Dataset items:
>>>>>

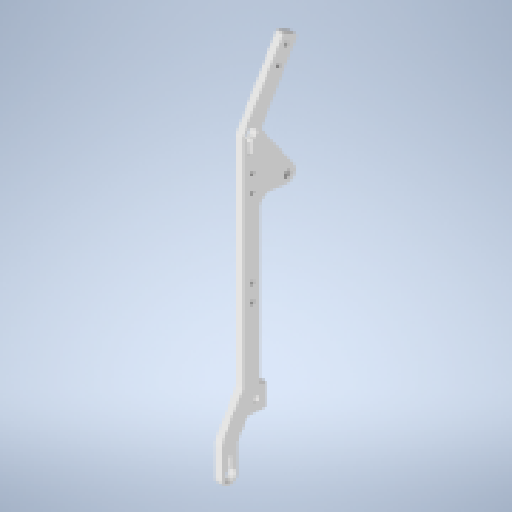
# Autodesk Inventor part: Door Lower Parallel Bar
Saved by Autodesk Inventor 2024 (Build 280153000, 153)
## iProperties
Created: 2024-08-28
Part Number: Door Lower Parallel Bar
Material: Generic
Document SubType Name: Modeling
Designer: Ishaan
Density: 1 g/cm^3
Appearance: Default
Mass: 27.6729 g
Surface Area: 140.766 cm^2
Volume: 27.6729 cm^3
Author: Ishaan
Autodesk Inventor part; units mm, degrees
ref_plane "YZ Plane" through (0, 0, 0) normal (1, 0, 0) x (0, 1, 0)
ref_plane "XZ Plane" through (0, 0, 0) normal (0, 1, 0) x (-1, 0, 0)
ref_plane "XY Plane" through (0, 0, 0) normal (0, 0, 1) x (1, 0, 0)
sketch "Sketch1" plane through (0, 0, 0) normal (1, 0, 0) x (0, 1, 0)
  line L0 (-10, -10) -> (10, -10) construction
  line L1 (10, -10) -> (10, 10) construction
  line L2 (10, 10) -> (-10, 10) construction
  line L3 (-10, 10) -> (-10, -10) construction
  line L4 (-10, -10) -> (10, 10) construction
  line L5 (10, -10) -> (-10, 10) construction
  line L6 (270, -20) -> (66.6603, -20)
  circle A0 centre (24.2487, -14) radius 5 construction
  line L7 (0, 0) -> (24.2487, -14) construction
  line L8 (0, 0) -> (24.2487, 0)
  line L9 (31.2487, -1.8756) -> (59.1603, -17.9904)
  arc A1 (31.2487, -1.8756) -> (24.2487, 0) centre (24.2487, -14) ccw
  arc A2 (59.1603, -17.9904) -> (66.6603, -20) centre (66.6603, -5) ccw
  dimension "d0" = 270
  dimension "d1" = 20
  dimension "d4" = 20
  dimension "d5" = 20
  dimension "d112" = 10
  dimension "d113" = 28
  dimension "d114" = 150
  dimension "d116" = 15
  dimension "d118" = 9
  constraints: 21 end point, 4 point on circle, 4 tangent, 3 centre point, 3 horizontal, 3 parallel, 2 midpoint, 1 coincident, 1 concentric, 1 perpendicular
  measures "d0" horizontal distance of point (0, 0) L6.start
  measures "d1" vertical distance of L7.start L6.start
  measures "d4" distance of L2.end L1.end
  measures "d5" distance of L1.end L0.end
  measures "d112" diameter of A0
  measures "d113" distance of L7.end point (0, 0)
  measures "d114" angle of L6 L7
  measures "d116" radius of A2
  measures "d118" distance edge to line of A0 L9
surface extrude "ExtrusionSrf1" sketch "Sketch1" along normal mid plane 6.35 shown no curves L6 A2 L9 A1 L8
thicken "Thicken1" operation new thickness 16 both sides yes extend neighbours no toward (0, 0, -1) faces at (-1.0583, 202.2201, -20) (1.0583, 62.3582, -19.3698) (1.0583, 49.8564, -12.6188) (-1.0583, 30.5319, -1.4891) (-1.0583, 16.1658, 0)
sketch "Sketch2" plane through (3.175, 39.0333, -31) normal (1, 0, 0) x (0, 0, -1)
  line L0 (4, 0.9667) -> (-16, 0.9667)
  line L1 (-16, 0.9667) -> (-16, 20.9667)
  line L2 (-16, 20.9667) -> (4, 20.9667)
  line L3 (4, 20.9667) -> (4, 0.9667)
  line L4 (4, 0.9667) -> (-16, 20.9667) construction
  line L5 (-16, 0.9667) -> (4, 20.9667) construction
  line L6 (-39, -39.0333) -> (-23, -39.0333) projected
  line L7 (-39, -39.0333) -> (-23, -39.0333) projected
  circle A0 centre (-31, -39.0333) radius 8
  line L8 (-19, 230.9667) -> (-3, 230.9667) projected
  circle A1 centre (-11, 230.9667) radius 8
  line L9 (-19, 27.6269) -> (-19, 230.9667) projected
  point P0 (-6, 10.9667)
  point P1 (-6, 10.9667)
  dimension "d75" = 20
  dimension "d76" = 20
  dimension "d78" = 50
  dimension "d119" = 3
  constraints: 12 end point, 4 midpoint, 3 coincident, 2 parallel, 1 horizontal, 1 perpendicular, 6 other
  measures "d75" distance of L1.end L2.end
  measures "d76" distance of L0.end L1.end
  measures "d78" vertical distance of point (-6, 10.967) point (-31, -39.033)
  measures "d119" distance between parallel lines of L1 L9
extrude "Extrusion1" add sketch "Sketch2" against normal up to surface (6.35 mm away) contours L0 L1 L2 L3 | L6 A0 | A1 L8 picked at (-30.6786, -41.6805) picked at (-8.4108, 231.6049)
fillet "Fillet1" radius 1 2 edges at (0, 60, -35) (0, 40, -35)
hole "Hole2" at (3.175, 50, -25) direction (-1, 0, 0) diameter 5.3 end through all
hole "Hole3" at (3.175, 0, 0) at (3.175, 270, -20) direction (-1, 0, 0) diameter 11.05 end through all
sketch "Sketch4" plane through (3.175, 270, -20) normal (1, 0, 0) x (0, 0, -1)
  line L0 (-20, -270) -> (-20, -255) construction
  line L1 (-18.5, -270) -> (-18.5, -255)
  line L2 (-21.5, -255) -> (-21.5, -270)
  arc A0 (-21.5, -270) -> (-18.5, -270) centre (-20, -270) ccw
  arc A1 (-18.5, -255) -> (-21.5, -255) centre (-20, -255) ccw
  line L3 (0, 0) -> (0, -15) construction
  line L4 (1.5, 0) -> (1.5, -15)
  line L5 (-1.5, -15) -> (-1.5, 0)
  arc A2 (1.5, 0) -> (-1.5, 0) centre (0, 0) ccw
  arc A3 (-1.5, -15) -> (1.5, -15) centre (0, -15) ccw
  point P0 (-20, -262.5)
  point P1 (0, -7.5)
  dimension "d63" = 15
  dimension "d64" = 3
  constraints: 16 end point, 8 point on circle, 8 tangent, 4 centre point, 3 parallel, 2 midpoint, 2 vertical, 1 coincident, 1 equal radius
  measures "d63" distance of L0.start L0.end
  measures "d64" diameter of A1
extrude "Extrusion2" cut sketch "Sketch4" against normal through all
fillet "Fillet2" radius 1 4 edges at (0, 5.3175, 1.5) (0, 5.3175, -1.5) (0, 264.6825, -18.5) (0, 264.6825, -21.5)
sketch "Sketch5" plane through (3.175, 270, -20) normal (1, 0, 0) x (0, 0, -1)
  line L0 (8, -196.2751) -> (8, -5.6951)
  circle A0 centre (5, -220) radius 2.65 projected
  line L1 (8, -203.3397) -> (8, 0) construction
  line L2 (1, -32) -> (1, -48) construction
  line L3 (-8, -203.3397) -> (-8, 0) projected
  line L4 (1, -122) -> (1, -138) construction
  point P0 (1, -40)
  point P1 (1, -40)
  point P2 (1, -130)
  dimension "d132" = 180
  dimension "d133" = 16
  dimension "d134" = 9
  dimension "d135" = 90
  constraints: 6 end point, 3 collinear, 2 midpoint, 2 vertical, 1 coincident
  measures "d132" vertical distance of point (1, -40) A0.centre
  measures "d133" distance of L2.start L2.end
  measures "d134" distance between parallel lines of L3 L2
  measures "d135" distance of point (1, -40) point (1, -130)
hole "Hole4" at (3.175, 132, -21) at (3.175, 148, -21) at (3.175, 222, -21) at (3.175, 238, -21) direction (-1, 0, 0) diameter 4.134 end through all thread size "M5x0.8" class "6H" standard "ANSI Metric M Profile"
fillet "Fillet5" radius 3 2 edges at (0, 60, -27.0146) (0, 40, -16.1658)
sketch "Sketch6" plane through (3.175, 270, -20) normal (1, 0, 0) x (0, 0, -1)
  line L0 (6.5532, 4.5886) -> (52.0457, -60.3814)
  line L1 (52.0457, -60.3814) -> (8, -52.6149)
  circle A0 centre (34.4146, -49.1491) radius 8
  circle A1 centre (1, -32) radius 2.067 projected
  circle A2 centre (1, -48) radius 2.067 projected
  circle A3 centre (1, -122) radius 2.067 projected
  circle A4 centre (1, -138) radius 2.067 projected
  arc A5 (2.1169, -5.1034) -> (1.5, -6.0271) centre (2.5, -6.0271) ccw projected
  line L2 (1.5, -6.0271) -> (1.5, -15) projected
  arc A6 (-1.5, -15) -> (1.5, -15) centre (0, -15) ccw projected
  line L3 (-1.5, -15) -> (-1.5, -6.0271) projected
  arc A7 (-1.5, -6.0271) -> (-2.1169, -5.1034) centre (-2.5, -6.0271) ccw projected
  arc A8 (2.1169, -5.1034) -> (-2.1169, -5.1034) centre (0, 0) ccw projected
  arc A9 (-18.5, -263.9729) -> (-17.8831, -264.8966) centre (-17.5, -263.9729) ccw projected
  arc A10 (-22.1169, -264.8966) -> (-17.8831, -264.8966) centre (-20, -270) ccw projected
  arc A11 (-22.1169, -264.8966) -> (-21.5, -263.9729) centre (-22.5, -263.9729) ccw projected
  line L4 (-21.5, -263.9729) -> (-21.5, -255) projected
  arc A12 (-18.5, -255) -> (-21.5, -255) centre (-20, -255) ccw projected
  line L5 (-18.5, -255) -> (-18.5, -263.9729) projected
  arc A13 (14, -230) -> (15, -229) centre (14, -229) ccw projected
  line L6 (15, -229) -> (15, -211) projected
  arc A14 (15, -211) -> (14, -210) centre (14, -211) ccw projected
  line L7 (14, -210) -> (10.7411, -210) projected
  arc A15 (7.7709, -206.5777) -> (10.7411, -210) centre (10.7411, -207) ccw projected
  arc A16 (7.7709, -206.5777) -> (8, -203.3397) centre (-15, -203.3397) ccw projected
  line L8 (8, -203.3397) -> (8, 0) projected
  arc A17 (8, 0) -> (-8, 0) centre (0, 0) ccw projected
  line L9 (-8, -203.3397) -> (-8, 0) projected
  arc A18 (-8.9378, -206.8397) -> (-8, -203.3397) centre (-15, -203.3397) ccw projected
  line L10 (-25.0526, -234.7513) -> (-8.9378, -206.8397) projected
  arc A19 (-25.0526, -234.7513) -> (-28, -245.7513) centre (-6, -245.7513) ccw projected
  line L11 (-28, -270) -> (-28, -245.7513) projected
  arc A20 (-28, -270) -> (-12, -270) centre (-20, -270) ccw projected
  line L12 (-12, -270) -> (-12, -245.7513) projected
  arc A21 (-11.1962, -242.7513) -> (-12, -245.7513) centre (-6, -245.7513) ccw projected
  line L13 (-11.1962, -242.7513) -> (-4.7002, -231.5) projected
  arc A22 (-2.1021, -230) -> (-4.7002, -231.5) centre (-2.1021, -233) ccw projected
  line L14 (-2.1021, -230) -> (14, -230) projected
  circle A23 centre (5, -220) radius 2.65 projected
  arc A24 (8, 0) -> (-8, 0) centre (0, 0) ccw projected
  point P0 (40.9678, -44.5605)
  point P1 (33.0254, -57.0276)
  point P2 (6.5532, 4.5886)
  point P3 (8, -52.6149)
  dimension "d98" = 16
  dimension "d122" = 80
  dimension "d123" = 60
  dimension "d124" = 35
  constraints: 4 end point, 3 tangent, 1 centre point
  measures "d98" diameter of A0
  measures "d122" angle of L8 L1
  measures "d123" distance of A8.centre A0.centre
  measures "d124" angle of L0 L8
extrude "Extrusion3" add sketch "Sketch6" against normal up to surface (6.35 mm away) contours L0 A0 L1 L8 A17 | A0
fillet "Fillet4" radius 10 1 edges at (0, 217.3851, -28)
sketch "Sketch8" plane through (3.175, 0, 0) normal (1, 0, 0) x (0, 0, -1)
  arc A0 (53.0254, 212.9724) -> (60.9678, 225.4395) centre (54.4146, 220.8509) ccw projected
  point P0 (0, 0)
  constraints: 1 coincident
hole "Hole6" at (3.175, 220.8509, -54.4146) direction (-1, 0, 0) diameter 6.4008 end through all thread size "5/16-18 UNC" class "2B" standard "ANSI Unified Screw Threads"
sketch "Sketch9" plane through (3.175, 0, 0) normal (1, 0, 0) x (0, 0, -1)
  circle A0 centre (54.4146, 220.8509) radius 3.2004 projected
  circle A1 centre (21, 238) radius 2.067 projected
  circle A2 centre (21, 222) radius 2.067 projected
  circle A3 centre (21, 148) radius 2.067 projected
  circle A4 centre (21, 132) radius 2.067 projected
  arc A5 (22.1169, 264.8966) -> (21.5, 263.9729) centre (22.5, 263.9729) ccw projected
  line L0 (21.5, 263.9729) -> (21.5, 255) projected
  arc A6 (18.5, 255) -> (21.5, 255) centre (20, 255) ccw projected
  line L1 (18.5, 255) -> (18.5, 263.9729) projected
  arc A7 (18.5, 263.9729) -> (17.8831, 264.8966) centre (17.5, 263.9729) ccw projected
  arc A8 (22.1169, 264.8966) -> (17.8831, 264.8966) centre (20, 270) ccw projected
  arc A9 (1.5, 6.0271) -> (2.1169, 5.1034) centre (2.5, 6.0271) ccw projected
  arc A10 (-2.1169, 5.1034) -> (2.1169, 5.1034) centre (0, 0) ccw projected
  arc A11 (-2.1169, 5.1034) -> (-1.5, 6.0271) centre (-2.5, 6.0271) ccw projected
  line L2 (-1.5, 6.0271) -> (-1.5, 15) projected
  arc A12 (1.5, 15) -> (-1.5, 15) centre (0, 15) ccw projected
  line L3 (1.5, 15) -> (1.5, 6.0271) projected
  arc A13 (34, 40) -> (35, 41) centre (34, 41) ccw projected
  line L4 (35, 41) -> (35, 59) projected
  arc A14 (35, 59) -> (34, 60) centre (34, 59) ccw projected
  line L5 (34, 60) -> (30.7411, 60) projected
  arc A15 (27.7709, 63.4223) -> (30.7411, 60) centre (30.7411, 63) ccw projected
  arc A16 (27.7709, 63.4223) -> (28, 66.6603) centre (5, 66.6603) ccw projected
  line L6 (28, 66.6603) -> (28, 205.4675) projected
  arc A17 (39.7365, 215.3156) -> (28, 205.4675) centre (38, 205.4675) ccw projected
  line L7 (39.7365, 215.3156) -> (53.0254, 212.9724) projected
  arc A18 (53.0254, 212.9724) -> (60.9678, 225.4395) centre (54.4146, 220.8509) ccw projected
  line L8 (60.9678, 225.4395) -> (26.5532, 274.5886) projected
  arc A19 (26.5532, 274.5886) -> (12, 270) centre (20, 270) ccw projected
  line L9 (12, 66.6603) -> (12, 270) projected
  arc A20 (11.0622, 63.1603) -> (12, 66.6603) centre (5, 66.6603) ccw projected
  line L10 (-5.0526, 35.2487) -> (11.0622, 63.1603) projected
  arc A21 (-5.0526, 35.2487) -> (-8, 24.2487) centre (14, 24.2487) ccw projected
  line L11 (-8, 0) -> (-8, 24.2487) projected
  arc A22 (-8, 0) -> (8, 0) centre (0, 0) ccw projected
  line L12 (8, 0) -> (8, 24.2487) projected
  arc A23 (8.8038, 27.2487) -> (8, 24.2487) centre (14, 24.2487) ccw projected
  line L13 (8.8038, 27.2487) -> (15.2998, 38.5) projected
  arc A24 (17.8979, 40) -> (15.2998, 38.5) centre (17.8979, 37) ccw projected
  line L14 (17.8979, 40) -> (34, 40) projected
  circle A25 centre (25, 50) radius 2.65 projected
  line L15 (66.9282, 335.282) -> (26.9282, 266)
  line L16 (26.9282, 266) -> (13.0718, 274)
  line L17 (13.0718, 274) -> (53.0718, 343.282)
  line L18 (53.0718, 343.282) -> (66.9282, 335.282)
  line L19 (66.9282, 335.282) -> (13.0718, 274) construction
  line L20 (26.9282, 266) -> (53.0718, 343.282) construction
  line L21 (20, 270) -> (60, 339.282) construction
  line L22 (20, 270) -> (60, 339.282) construction
  line L23 (28.6603, 265) -> (68.6603, 334.282) construction
  line L24 (51.3397, 344.282) -> (11.3397, 275) construction
  arc A26 (11.3397, 275) -> (28.6603, 265) centre (20, 270) ccw construction
  arc A27 (68.6603, 334.282) -> (51.3397, 344.282) centre (60, 339.282) ccw construction
  line L25 (11.3399, 284.2002) -> (46.7375, 345.5106) construction
  point P0 (40, 304.641)
  point P1 (40, 304.641)
  point P2 (29.4765, 270.4138)
  point P3 (40, 304.641)
  dimension "d149" = 150
  dimension "d150" = 80
  dimension "d152" = 20
  dimension "d153" = 4.6
  constraints: 24 end point, 7 midpoint, 5 tangent, 4 parallel, 4 point on circle, 2 centre point, 2 perpendicular
  measures "d149" angle of L17 L9
  measures "d150" distance of L21.start L21.end
  measures "d152" diameter of A27
  measures "d153" distance between parallel lines of L24 L25
extrude "Extrusion4" add sketch "Sketch9" against normal up to surface (6.35 mm away) contours L17 L18 L15 L8 A19
fillet "Fillet6" radius 2 1 edges at (0, 270.4138, -29.4765)
fillet "Fillet7" radius 2 2 edges at (0, 343.282, -53.0718) (0, 335.282, -66.9282)
sketch "Sketch10" plane through (3.175, 0, 0) normal (1, 0, 0) x (0, 0, -1)
  circle A0 centre (54.4146, 220.8509) radius 3.2004 projected
  circle A1 centre (21, 238) radius 2.067 projected
  circle A2 centre (21, 222) radius 2.067 projected
  circle A3 centre (21, 148) radius 2.067 projected
  circle A4 centre (21, 132) radius 2.067 projected
  arc A5 (22.1169, 264.8966) -> (21.5, 263.9729) centre (22.5, 263.9729) ccw projected
  line L0 (21.5, 263.9729) -> (21.5, 255) projected
  arc A6 (18.5, 255) -> (21.5, 255) centre (20, 255) ccw projected
  line L1 (18.5, 255) -> (18.5, 263.9729) projected
  arc A7 (18.5, 263.9729) -> (17.8831, 264.8966) centre (17.5, 263.9729) ccw projected
  arc A8 (22.1169, 264.8966) -> (17.8831, 264.8966) centre (20, 270) ccw projected
  arc A9 (1.5, 6.0271) -> (2.1169, 5.1034) centre (2.5, 6.0271) ccw projected
  arc A10 (-2.1169, 5.1034) -> (2.1169, 5.1034) centre (0, 0) ccw projected
  arc A11 (-2.1169, 5.1034) -> (-1.5, 6.0271) centre (-2.5, 6.0271) ccw projected
  line L2 (-1.5, 6.0271) -> (-1.5, 15) projected
  arc A12 (1.5, 15) -> (-1.5, 15) centre (0, 15) ccw projected
  line L3 (1.5, 15) -> (1.5, 6.0271) projected
  arc A13 (65.9282, 333.55) -> (65.1962, 336.282) centre (64.1962, 334.55) ccw projected
  line L4 (65.1962, 336.282) -> (54.8038, 342.282) projected
  arc A14 (54.8038, 342.282) -> (52.0718, 341.55) centre (53.8038, 340.55) ccw projected
  line L5 (52.0718, 341.55) -> (13.0718, 274) projected
  arc A15 (13.0718, 274) -> (12, 270) centre (20, 270) ccw projected
  line L6 (12, 66.6603) -> (12, 270) projected
  arc A16 (11.0622, 63.1603) -> (12, 66.6603) centre (5, 66.6603) ccw projected
  line L7 (-5.0526, 35.2487) -> (11.0622, 63.1603) projected
  arc A17 (-5.0526, 35.2487) -> (-8, 24.2487) centre (14, 24.2487) ccw projected
  line L8 (-8, 0) -> (-8, 24.2487) projected
  arc A18 (-8, 0) -> (8, 0) centre (0, 0) ccw projected
  line L9 (8, 0) -> (8, 24.2487) projected
  arc A19 (8.8038, 27.2487) -> (8, 24.2487) centre (14, 24.2487) ccw projected
  line L10 (8.8038, 27.2487) -> (15.2998, 38.5) projected
  arc A20 (17.8979, 40) -> (15.2998, 38.5) centre (17.8979, 37) ccw projected
  line L11 (17.8979, 40) -> (34, 40) projected
  arc A21 (34, 40) -> (35, 41) centre (34, 41) ccw projected
  line L12 (35, 41) -> (35, 59) projected
  arc A22 (35, 59) -> (34, 60) centre (34, 59) ccw projected
  line L13 (34, 60) -> (30.7411, 60) projected
  arc A23 (27.7709, 63.4223) -> (30.7411, 60) centre (30.7411, 63) ccw projected
  arc A24 (27.7709, 63.4223) -> (28, 66.6603) centre (5, 66.6603) ccw projected
  line L14 (28, 66.6603) -> (28, 205.4675) projected
  arc A25 (39.7365, 215.3156) -> (28, 205.4675) centre (38, 205.4675) ccw projected
  line L15 (39.7365, 215.3156) -> (53.0254, 212.9724) projected
  arc A26 (53.0254, 212.9724) -> (60.9678, 225.4395) centre (54.4146, 220.8509) ccw projected
  line L16 (60.9678, 225.4395) -> (30.2073, 269.37) projected
  arc A27 (30.1136, 271.5172) -> (30.2073, 269.37) centre (31.8456, 270.5172) ccw projected
  line L17 (30.1136, 271.5172) -> (65.9282, 333.55) projected
  circle A28 centre (25, 50) radius 2.65 projected
  line L18 (47, 316.7654) -> (56, 332.3538) construction
  point P0 (60, 339.282)
  dimension "d154" = 18
  dimension "d155" = 8
  dimension "d156" = 8
  constraints: 2 coincident, 2 end point, 1 midpoint, 1 parallel, 1 point on line
  measures "d154" distance of L18.start L18.end
  measures "d155" distance between parallel lines of L18 L5
  measures "d156" distance from line of L4 L18.end
hole "Hole7" at (3.175, 316.7654, -47) at (3.175, 332.3538, -56) direction (-1, 0, 0) diameter 4.134 depth 6.35 thread size "M5x0.8" class "6H" standard "ANSI Metric M Profile"
body "Solid1"
body "Srf1"

<<<<<

## ASSIGNED TASK
Stop after the line containing "Autodesk Inventor part; units mm, degrees": copy the records exactly from the first line up to there, leaving pictures out.

## WRITTEN SOLUTION
# Autodesk Inventor part: Door Lower Parallel Bar
Saved by Autodesk Inventor 2024 (Build 280153000, 153)
## iProperties
Created: 2024-08-28
Part Number: Door Lower Parallel Bar
Material: Generic
Document SubType Name: Modeling
Designer: Ishaan
Density: 1 g/cm^3
Appearance: Default
Mass: 27.6729 g
Surface Area: 140.766 cm^2
Volume: 27.6729 cm^3
Author: Ishaan
Autodesk Inventor part; units mm, degrees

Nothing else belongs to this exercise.